Immagino che molti lettori di questo blog abbiano letto di un fatto accaduto all’Ospedale San Paolo di Savona, dove a causa di un devastante sommarsi di pregiudizi, disinformazione e forse addirittura di pettegolezzi di quartiere un paziente ha rinunciato a sottoporsi ad un intervento chirurgico soltanto perché l’anestesista era una donna.
In omaggio alla tradizione del giornalismo anglosassone che vuole l’esposizione dei fatti separata dal commento, in questo link si trova una esauriente cronaca dell’accaduto.
http://www.corriere.it/cronache/17_luglio_20/rifiuta-anestesista-donna-savona-7096301e-6cc3-11e7-adf5-09dddc53fe2d.shtml
Come colleghi penso che ci interessi prima di tutto la posizione del primario e della “anestesista donna” che hanno saputo tenere il punto di fronte ad una situazione non imprevedibile (vista la realtà in cui viviamo) ma sicuramente destabilizzante se non altro per la virulenza della coppia paziente – moglie del paziente.

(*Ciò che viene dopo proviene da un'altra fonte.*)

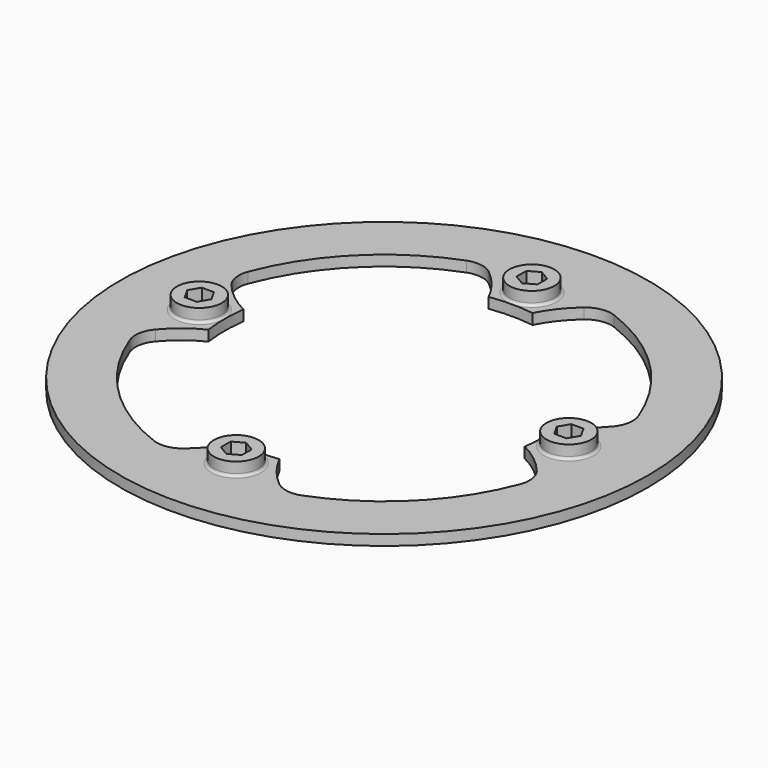
from build123d import *

# Parameters (mm, degrees)
F0_R     = 100
F0_R_2   = 2.5
F1_DEPTH = 4
F2_R     = 8.5
F3_DEPTH = 5
F4_R     = 10
F5_R     = 0.99999


# Not quite as in the source:
# - a fillet or chamfer is up to 0.001 mm smaller than in the source, because OpenCascade refuses the exact size


with BuildPart() as f1:
    # F0 (on Top) → F1 (new body)
    with BuildSketch(Plane.XY):
        Circle(F0_R)
        with BuildLine():
            ThreePointArc((22.8257041117, 75.7052949069), (55.9120042797, 55.9120042797), (75.7052949069, 22.8257041117))
            ThreePointArc((75.7052949069, 22.8257041117), (78.2254331665, 11.536292778), (79.0715147518, 0))
            ThreePointArc((79.0715147518, 0), (78.2254331665, -11.536292778), (75.7052949069, -22.8257041117))
            ThreePointArc((75.7052949069, -22.8257041117), (55.9120042797, -55.9120042797), (22.8257041117, -75.7052949069))
            ThreePointArc((22.8257041117, -75.7052949069), (0, -79.0715147518), (-22.8257041117, -75.7052949069))
            ThreePointArc((-22.8257041117, -75.7052949069), (-55.9120042797, -55.9120042797), (-75.7052949069, -22.8257041117))
            ThreePointArc((-75.7052949069, -22.8257041117), (-79.0715147518, 0), (-75.7052949069, 22.8257041117))
            ThreePointArc((-75.7052949069, 22.8257041117), (-55.9120042797, 55.9120042797), (-22.8257041117, 75.7052949069))
            ThreePointArc((-22.8257041117, 75.7052949069), (0, 79.0715147518), (22.8257041117, 75.7052949069))
        make_face(mode=Mode.SUBTRACT)
        with BuildLine():
            ThreePointArc((-8.3091100857, 59.9266942988), (0, 60.5), (8.3091100857, 59.9266942988))
            ThreePointArc((8.3091100857, 59.9266942988), (14.4468681442, 68.8469104297), (22.8257041117, 75.7052949069))
            ThreePointArc((22.8257041117, 75.7052949069), (0, 79.0715147518), (-22.8257041117, 75.7052949069))
            ThreePointArc((-22.8257041117, 75.7052949069), (-14.4468681442, 68.8469104297), (-8.3091100857, 59.9266942988))
        make_face()
        Polygon((0.2799602618, 74.6188021535), (4.2799602618, 72.3094010768), (4.2799602618, 67.6905989232), (0.2799602618, 65.3811978465), (-3.7200397382, 67.6905989232), (-3.7200397382, 72.3094010768), align=None, mode=Mode.SUBTRACT)
        with BuildLine():
            ThreePointArc((-59.9266942988, -8.3091100857), (-60.5, 0), (-59.9266942988, 8.3091100857))
            ThreePointArc((-59.9266942988, 8.3091100857), (-68.8469104297, 14.4468681442), (-75.7052949069, 22.8257041117))
            ThreePointArc((-75.7052949069, 22.8257041117), (-79.0715147518, 0), (-75.7052949069, -22.8257041117))
            ThreePointArc((-75.7052949069, -22.8257041117), (-68.8469104297, -14.4468681442), (-59.9266942988, -8.3091100857))
        make_face()
        Polygon((-65.3811978465, 0.2799602618), (-67.6905989232, -3.7200397382), (-72.3094010768, -3.7200397382), (-74.6188021535, 0.2799602618), (-72.3094010768, 4.2799602618), (-67.6905989232, 4.2799602618), align=None, mode=Mode.SUBTRACT)
        with BuildLine():
            ThreePointArc((59.9266942988, 8.3091100857), (60.3565033989, 4.1644324296), (60.5, 0))
            ThreePointArc((60.5, 0), (60.3565033989, -4.1644324296), (59.9266942988, -8.3091100857))
            ThreePointArc((59.9266942988, -8.3091100857), (68.8469104297, -14.4468681442), (75.7052949069, -22.8257041117))
            ThreePointArc((75.7052949069, -22.8257041117), (78.2254331665, -11.536292778), (79.0715147518, 0))
            ThreePointArc((79.0715147518, 0), (78.2254331665, 11.536292778), (75.7052949069, 22.8257041117))
            ThreePointArc((75.7052949069, 22.8257041117), (68.8469104297, 14.4468681442), (59.9266942988, 8.3091100857))
        make_face()
        Polygon((74.6188021535, -0.2799602618), (72.3094010768, -4.2799602618), (67.6905989232, -4.2799602618), (65.3811978465, -0.2799602618), (67.6905989232, 3.7200397382), (72.3094010768, 3.7200397382), align=None, mode=Mode.SUBTRACT)
        with BuildLine():
            ThreePointArc((22.8257041117, -75.7052949069), (14.4468681442, -68.8469104297), (8.3091100857, -59.9266942988))
            ThreePointArc((8.3091100857, -59.9266942988), (0, -60.5), (-8.3091100857, -59.9266942988))
            ThreePointArc((-8.3091100857, -59.9266942988), (-14.4468681442, -68.8469104297), (-22.8257041117, -75.7052949069))
            ThreePointArc((-22.8257041117, -75.7052949069), (0, -79.0715147518), (22.8257041117, -75.7052949069))
        make_face()
        Polygon((-0.2799602618, -74.6188021535), (-4.2799602618, -72.3094010768), (-4.2799602618, -67.6905989232), (-0.2799602618, -65.3811978465), (3.7200397382, -67.6905989232), (3.7200397382, -72.3094010768), align=None, mode=Mode.SUBTRACT)
        Polygon((-72.3094010768, -3.7200397382), (-67.6905989232, -3.7200397382), (-65.3811978465, 0.2799602618), (-67.6905989232, 4.2799602618), (-72.3094010768, 4.2799602618), (-74.6188021535, 0.2799602618), align=None)
        with Locations((-70, 0)):
            Circle(F0_R_2, mode=Mode.SUBTRACT)
        Polygon((-4.2799602618, -67.6905989232), (-4.2799602618, -72.3094010768), (-0.2799602618, -74.6188021535), (3.7200397382, -72.3094010768), (3.7200397382, -67.6905989232), (-0.2799602618, -65.3811978465), align=None)
        with Locations((0, -70)):
            Circle(F0_R_2, mode=Mode.SUBTRACT)
        Polygon((67.6905989232, -4.2799602618), (72.3094010768, -4.2799602618), (74.6188021535, -0.2799602618), (72.3094010768, 3.7200397382), (67.6905989232, 3.7200397382), (65.3811978465, -0.2799602618), align=None)
        with Locations((70, 0)):
            Circle(F0_R_2, mode=Mode.SUBTRACT)
        Polygon((4.2799602618, 67.6905989232), (4.2799602618, 72.3094010768), (0.2799602618, 74.6188021535), (-3.7200397382, 72.3094010768), (-3.7200397382, 67.6905989232), (0.2799602618, 65.3811978465), align=None)
        with Locations((0, 70)):
            Circle(F0_R_2, mode=Mode.SUBTRACT)
    extrude(amount=F1_DEPTH)

    # F2 (on face) → F3 (join)
    with BuildSketch(Plane.XY.offset(4)):
        with Locations((-70, 0)):
            Circle(F2_R)
        Polygon((-67.7365000122, -4.0261521504), (-72.3550000478, -3.9733245662), (-74.6185000357, 0.0528275843), (-72.2634999878, 4.0261521504), (-67.6449999522, 3.9733245662), (-65.3814999643, -0.0528275843), align=None, mode=Mode.SUBTRACT)
        with Locations((0, 70)):
            Circle(F2_R)
        Polygon((-4.0261521504, 67.7365000122), (-3.9733245662, 72.3550000478), (0.0528275843, 74.6185000357), (4.0261521504, 72.2634999878), (3.9733245662, 67.6449999522), (-0.0528275843, 65.3814999643), align=None, mode=Mode.SUBTRACT)
        with Locations((70, 0)):
            Circle(F2_R)
        Polygon((67.7365000122, 4.0261521504), (72.3550000478, 3.9733245662), (74.6185000357, -0.0528275843), (72.2634999878, -4.0261521504), (67.6449999522, -3.9733245662), (65.3814999643, 0.0528275843), align=None, mode=Mode.SUBTRACT)
        with Locations((0, -70)):
            Circle(F2_R)
        Polygon((4.0261521504, -67.7365000122), (3.9733245662, -72.3550000478), (-0.0528275843, -74.6185000357), (-4.0261521504, -72.2634999878), (-3.9733245662, -67.6449999522), (0.0528275843, -65.3814999643), align=None, mode=Mode.SUBTRACT)
    extrude(amount=F3_DEPTH)

    # F4
    f4_edges = [f1.edges().sort_by_distance(p)[0] for p in [
        (-75.705295, 22.825704, 2),
        (-75.705295, -22.825704, 2),
        (75.705295, -22.825704, 2),
        (22.825704, -75.705295, 2),
        (-22.825704, -75.705295, 2),
        (75.705295, 22.825704, 2),
        (22.825704, 75.705295, 2),
        (-22.825704, 75.705295, 2),
    ]]
    fillet(f4_edges, radius=F4_R)

    # F5 (radius 1 in the source; OpenCascade refuses exactly that, so slightly less here)
    f5_edges = [f1.edges().sort_by_distance(p)[0] for p in [
        (-8.5, -70, 4),
        (-8.5, 70, 4),
        (-78.5, 0, 4),
        (61.5, 0, 4),
    ]]
    fillet(f5_edges, radius=F5_R)


solid = f1.part

Dunque un piccolo elogio al primario che ha detto in sostanza “queste sono le assegnazioni alle sale operatorie e basta” essendo perfino superfluo precisare che queste sono fatte secondo criteri di competenza. Perché piccolo elogio? Perché non avrebbe potuto tenere una posizione diversa senza doversi poi vergognare di guardare negli occhi i suoi collaboratori e senza creare un precedente dalle conseguenze insostenibili e dai risvolti assurdi ( anestesista maschio e chirurgo donna vanno bene? , e così via), Dunque il vero merito del primario sta nel non avere preso tempo e non avere cercato mediazioni.
Un grandissimo elogio, invece alla “anestesista donna”. Brava, collega. Tu possiedi sicuramente la consapevolezza del tuo ruolo, nonché del ruolo del medico in un ospedale pubblico, hai sicuramente la preparazione e la cultura che ti avrebbero consentito di discutere aspramente con questi soggetti con argomenti che ( per noi) sarebbero stati convincenti, ma stando alle cronache ti sei limitata all’essenziale (questa non è una clinica privata…), hai mantenuto il controllo, non hai minacciato querele (in Italia chi minaccia querele ha quasi sempre torto).
Come cittadini penso che ci si debba domandare se questi non siano i risultati di una bassa scolarità, di trenta o quarant’anni di “repubblica televisiva”, di un familismo arcaico in cui quello che diceva il nonno vale più di ciò che si impara a scuola. Tragica conseguenza di tutto ciò è il disconoscimento delle capacità e delle competenze professionali da parte non solo di molti nostri concittadini ma anche di vari organi di informazione. Se per trent’anni aveste avuto informazioni soltanto da “Striscia la notizia” vi porreste allo stesso modo di fronte a certe notizie?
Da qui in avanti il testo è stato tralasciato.